- AIM OF THE EXERCISE:
Only an exact repetition of the lines from the one that holds "#34849 = CARTESIAN_POINT" to the end of the records is wanted.

###

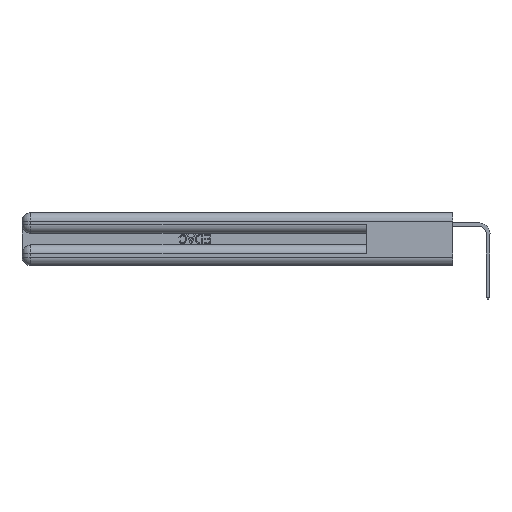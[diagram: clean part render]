
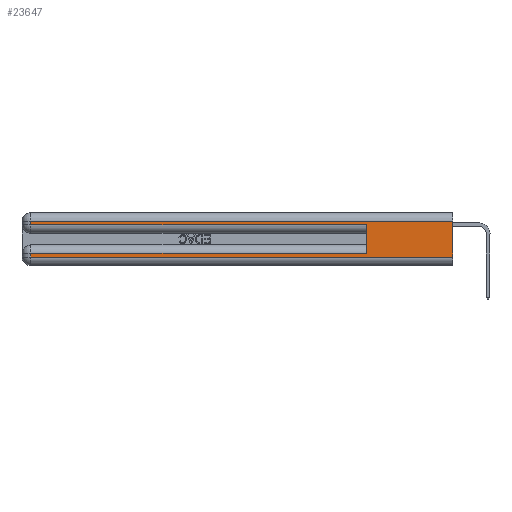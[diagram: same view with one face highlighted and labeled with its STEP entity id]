
A CAD part, left-side view. The second image highlights one B-rep face of the part: STEP entity #23647.
In plain terms, the highlighted planar face has unit normal (-1, 0, 0).
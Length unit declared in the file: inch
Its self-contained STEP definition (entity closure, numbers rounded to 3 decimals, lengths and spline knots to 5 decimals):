
#460 = DIRECTION ( 'NONE',  ( 1., 0., 0. ) ) ;
#1586 = EDGE_CURVE ( 'NONE', #33649, #21367, #29909, .T. ) ;
#2076 = EDGE_CURVE ( 'NONE', #21367, #19162, #3198, .T. ) ;
#2092 = EDGE_CURVE ( 'NONE', #33902, #29347, #34053, .T. ) ;
#2262 = CARTESIAN_POINT ( 'NONE',  ( 0., 2.94, 0.31 ) ) ;
#2279 = VECTOR ( 'NONE', #2682, 39.37008 ) ;
#2552 = FACE_OUTER_BOUND ( 'NONE', #4587, .T. ) ;
#2682 = DIRECTION ( 'NONE',  ( 0., 1., 0. ) ) ;
#3198 = LINE ( 'NONE', #5561, #26196 ) ;
#4587 = EDGE_LOOP ( 'NONE', ( #28340, #14795, #14181, #23662, #34425, #29249, #27790, #13323 ) ) ;
#4774 = CARTESIAN_POINT ( 'NONE',  ( 0., 0.6, 0.085 ) ) ;
#4961 = DIRECTION ( 'NONE',  ( 0., 0., 1. ) ) ;
#5098 = DIRECTION ( 'NONE',  ( 0., 0., -1. ) ) ;
#5561 = CARTESIAN_POINT ( 'NONE',  ( 0., 2.94, 0.37 ) ) ;
#6430 = CARTESIAN_POINT ( 'NONE',  ( 0., 0., 0.37 ) ) ;
#11859 = AXIS2_PLACEMENT_3D ( 'NONE', #6430, #460, #21529 ) ;
#13323 = ORIENTED_EDGE ( 'NONE', *, *, #15956, .T. ) ;
#14181 = ORIENTED_EDGE ( 'NONE', *, *, #29170, .T. ) ;
#14286 = VECTOR ( 'NONE', #14298, 39.37008 ) ;
#14298 = DIRECTION ( 'NONE',  ( 0., -1., 0. ) ) ;
#14467 = CARTESIAN_POINT ( 'NONE',  ( 0., 0.6, 0.285 ) ) ;
#14795 = ORIENTED_EDGE ( 'NONE', *, *, #2092, .T. ) ;
#14799 = CARTESIAN_POINT ( 'NONE',  ( 0., 0., 0.06 ) ) ;
#15420 = LINE ( 'NONE', #20231, #22514 ) ;
#15942 = LINE ( 'NONE', #28071, #25820 ) ;
#15956 = EDGE_CURVE ( 'NONE', #19162, #29185, #16329, .T. ) ;
#16215 = VERTEX_POINT ( 'NONE', #19045 ) ;
#16329 = LINE ( 'NONE', #14799, #25266 ) ;
#19045 = CARTESIAN_POINT ( 'NONE',  ( 0., 2.94, 0.285 ) ) ;
#19162 = VERTEX_POINT ( 'NONE', #32937 ) ;
#20231 = CARTESIAN_POINT ( 'NONE',  ( 0., 0., 0.37 ) ) ;
#21367 = VERTEX_POINT ( 'NONE', #26274 ) ;
#21529 = DIRECTION ( 'NONE',  ( 0., 0., -1. ) ) ;
#21959 = DIRECTION ( 'NONE',  ( 0., 0., -1. ) ) ;
#22514 = VECTOR ( 'NONE', #5098, 39.37008 ) ;
#23647 = ADVANCED_FACE ( 'NONE', ( #2552 ), #36308, .F. ) ;
#23662 = ORIENTED_EDGE ( 'NONE', *, *, #38101, .T. ) ;
#23984 = EDGE_CURVE ( 'NONE', #33649, #36552, #29234, .T. ) ;
#24245 = DIRECTION ( 'NONE',  ( 0., 1., 0. ) ) ;
#25266 = VECTOR ( 'NONE', #38639, 39.37008 ) ;
#25820 = VECTOR ( 'NONE', #21959, 39.37008 ) ;
#26196 = VECTOR ( 'NONE', #29534, 39.37008 ) ;
#26274 = CARTESIAN_POINT ( 'NONE',  ( 0., 2.94, 0.085 ) ) ;
#26389 = CARTESIAN_POINT ( 'NONE',  ( 0., 0., 0.285 ) ) ;
#27790 = ORIENTED_EDGE ( 'NONE', *, *, #2076, .T. ) ;
#28071 = CARTESIAN_POINT ( 'NONE',  ( 0., 2.94, 0.37 ) ) ;
#28340 = ORIENTED_EDGE ( 'NONE', *, *, #35940, .F. ) ;
#29170 = EDGE_CURVE ( 'NONE', #29347, #16215, #15942, .T. ) ;
#29185 = VERTEX_POINT ( 'NONE', #31193 ) ;
#29234 = LINE ( 'NONE', #34849, #37095 ) ;
#29249 = ORIENTED_EDGE ( 'NONE', *, *, #1586, .T. ) ;
#29347 = VERTEX_POINT ( 'NONE', #2262 ) ;
#29534 = DIRECTION ( 'NONE',  ( 0., 0., -1. ) ) ;
#29909 = LINE ( 'NONE', #36002, #36844 ) ;
#31193 = CARTESIAN_POINT ( 'NONE',  ( 0., 0., 0.06 ) ) ;
#32503 = CARTESIAN_POINT ( 'NONE',  ( 0., 0., 0.31 ) ) ;
#32854 = CARTESIAN_POINT ( 'NONE',  ( 0., 0., 0.31 ) ) ;
#32937 = CARTESIAN_POINT ( 'NONE',  ( 0., 2.94, 0.06 ) ) ;
#33649 = VERTEX_POINT ( 'NONE', #4774 ) ;
#33902 = VERTEX_POINT ( 'NONE', #32854 ) ;
#34053 = LINE ( 'NONE', #32503, #2279 ) ;
#34425 = ORIENTED_EDGE ( 'NONE', *, *, #23984, .F. ) ;
#34849 = CARTESIAN_POINT ( 'NONE',  ( 0., 0.6, 0.145 ) ) ;
#35940 = EDGE_CURVE ( 'NONE', #33902, #29185, #15420, .T. ) ;
#36002 = CARTESIAN_POINT ( 'NONE',  ( 0., 0., 0.085 ) ) ;
#36308 = PLANE ( 'NONE',  #11859 ) ;
#36552 = VERTEX_POINT ( 'NONE', #14467 ) ;
#36844 = VECTOR ( 'NONE', #24245, 39.37008 ) ;
#37095 = VECTOR ( 'NONE', #4961, 39.37008 ) ;
#38076 = LINE ( 'NONE', #26389, #14286 ) ;
#38101 = EDGE_CURVE ( 'NONE', #16215, #36552, #38076, .T. ) ;
#38639 = DIRECTION ( 'NONE',  ( 0., -1., 0. ) ) ;

###

- ANSWER AREA:
#34849 = CARTESIAN_POINT ( 'NONE',  ( 0., 0.6, 0.145 ) ) ;
#35940 = EDGE_CURVE ( 'NONE', #33902, #29185, #15420, .T. ) ;
#36002 = CARTESIAN_POINT ( 'NONE',  ( 0., 0., 0.085 ) ) ;
#36308 = PLANE ( 'NONE',  #11859 ) ;
#36552 = VERTEX_POINT ( 'NONE', #14467 ) ;
#36844 = VECTOR ( 'NONE', #24245, 39.37008 ) ;
#37095 = VECTOR ( 'NONE', #4961, 39.37008 ) ;
#38076 = LINE ( 'NONE', #26389, #14286 ) ;
#38101 = EDGE_CURVE ( 'NONE', #16215, #36552, #38076, .T. ) ;
#38639 = DIRECTION ( 'NONE',  ( 0., -1., 0. ) ) ;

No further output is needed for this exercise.